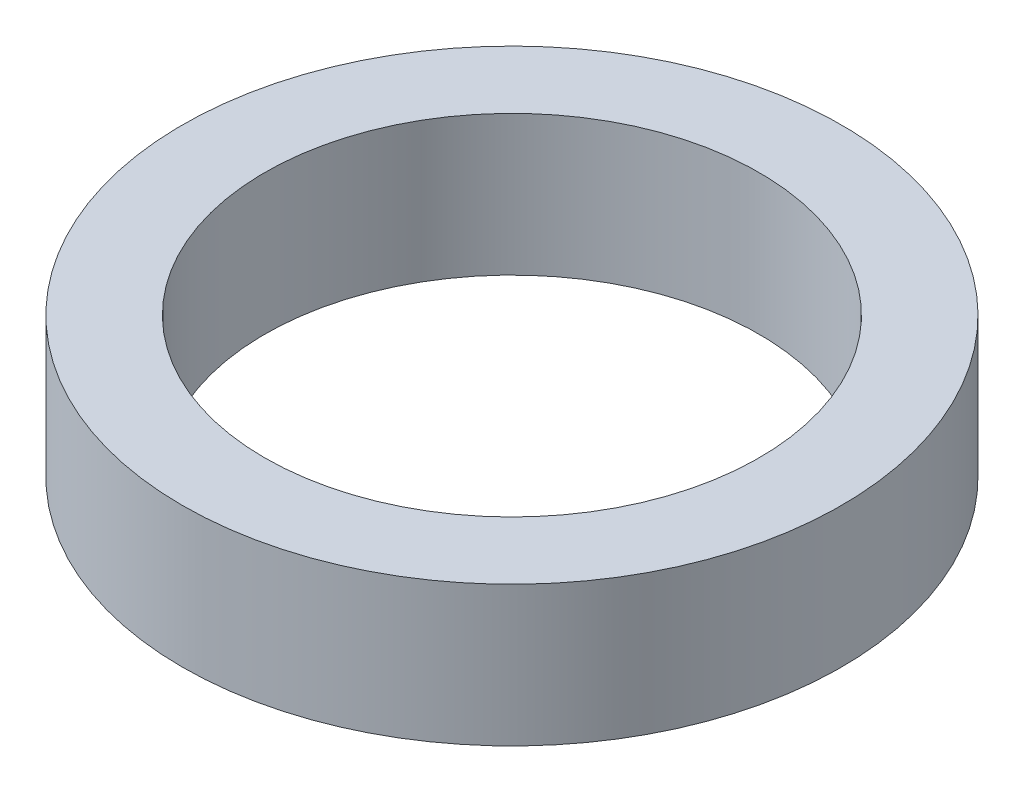
SolidWorks part; units mm, degrees
ref_plane "Front Plane" through (0, 0, 0) normal (0, 0, 1) x (1, 0, 0)
ref_plane "Top Plane" through (0, 0, 0) normal (0, 1, 0) x (1, 0, 0)
ref_plane "Right Plane" through (0, 0, 0) normal (1, 0, 0) x (0, 0, -1)
sketch "Sketch1" plane through (0, 0, 0) normal (0, 1, 0) x (1, 0, 0)
  circle A0 centre (0, 0) radius 40
  dimension "FLANGE_OD" = 80
extrude "Boss-Extrude1" add sketch "Sketch1" along normal blind 17
sketch "Sketch2" plane through (0, 0, 0) normal (0, 1, 0) x (1, 0, 0)
  circle A0 centre (0, 0) radius 30
  dimension "BORE_D" = 60
extrude "Cut-Extrude1" cut sketch "Sketch2" along normal through all
sketch "Sketch3" plane through (0, 17, 0) normal (0, 1, 0) x (1, 0, 0)
  circle A0 centre (0, 0) radius 17.3987 construction
  circle A1 centre (-17.3987, 0) radius 1.5984
  dimension "BOLT_D" = 3.1967
  dimension "BOLT_PCD" = 34.7975
extrude "Cut-Extrude2" cut sketch "Sketch3" against normal blind 13.0136 rebuild error yes
pattern_circular "CirPattern1" count 6 over 360 rebuild error yes

What is being asked:
Could you write out every record exactly, leaving the pictures out?

Solution to this problem:
SolidWorks part; units mm, degrees
ref_plane "Front Plane" through (0, 0, 0) normal (0, 0, 1) x (1, 0, 0)
ref_plane "Top Plane" through (0, 0, 0) normal (0, 1, 0) x (1, 0, 0)
ref_plane "Right Plane" through (0, 0, 0) normal (1, 0, 0) x (0, 0, -1)
sketch "Sketch1" plane through (0, 0, 0) normal (0, 1, 0) x (1, 0, 0)
  circle A0 centre (0, 0) radius 40
  dimension "FLANGE_OD" = 80
extrude "Boss-Extrude1" add sketch "Sketch1" along normal blind 17
sketch "Sketch2" plane through (0, 0, 0) normal (0, 1, 0) x (1, 0, 0)
  circle A0 centre (0, 0) radius 30
  dimension "BORE_D" = 60
extrude "Cut-Extrude1" cut sketch "Sketch2" along normal through all
sketch "Sketch3" plane through (0, 17, 0) normal (0, 1, 0) x (1, 0, 0)
  circle A0 centre (0, 0) radius 17.3987 construction
  circle A1 centre (-17.3987, 0) radius 1.5984
  dimension "BOLT_D" = 3.1967
  dimension "BOLT_PCD" = 34.7975
extrude "Cut-Extrude2" cut sketch "Sketch3" against normal blind 13.0136 rebuild error yes
pattern_circular "CirPattern1" count 6 over 360 rebuild error yes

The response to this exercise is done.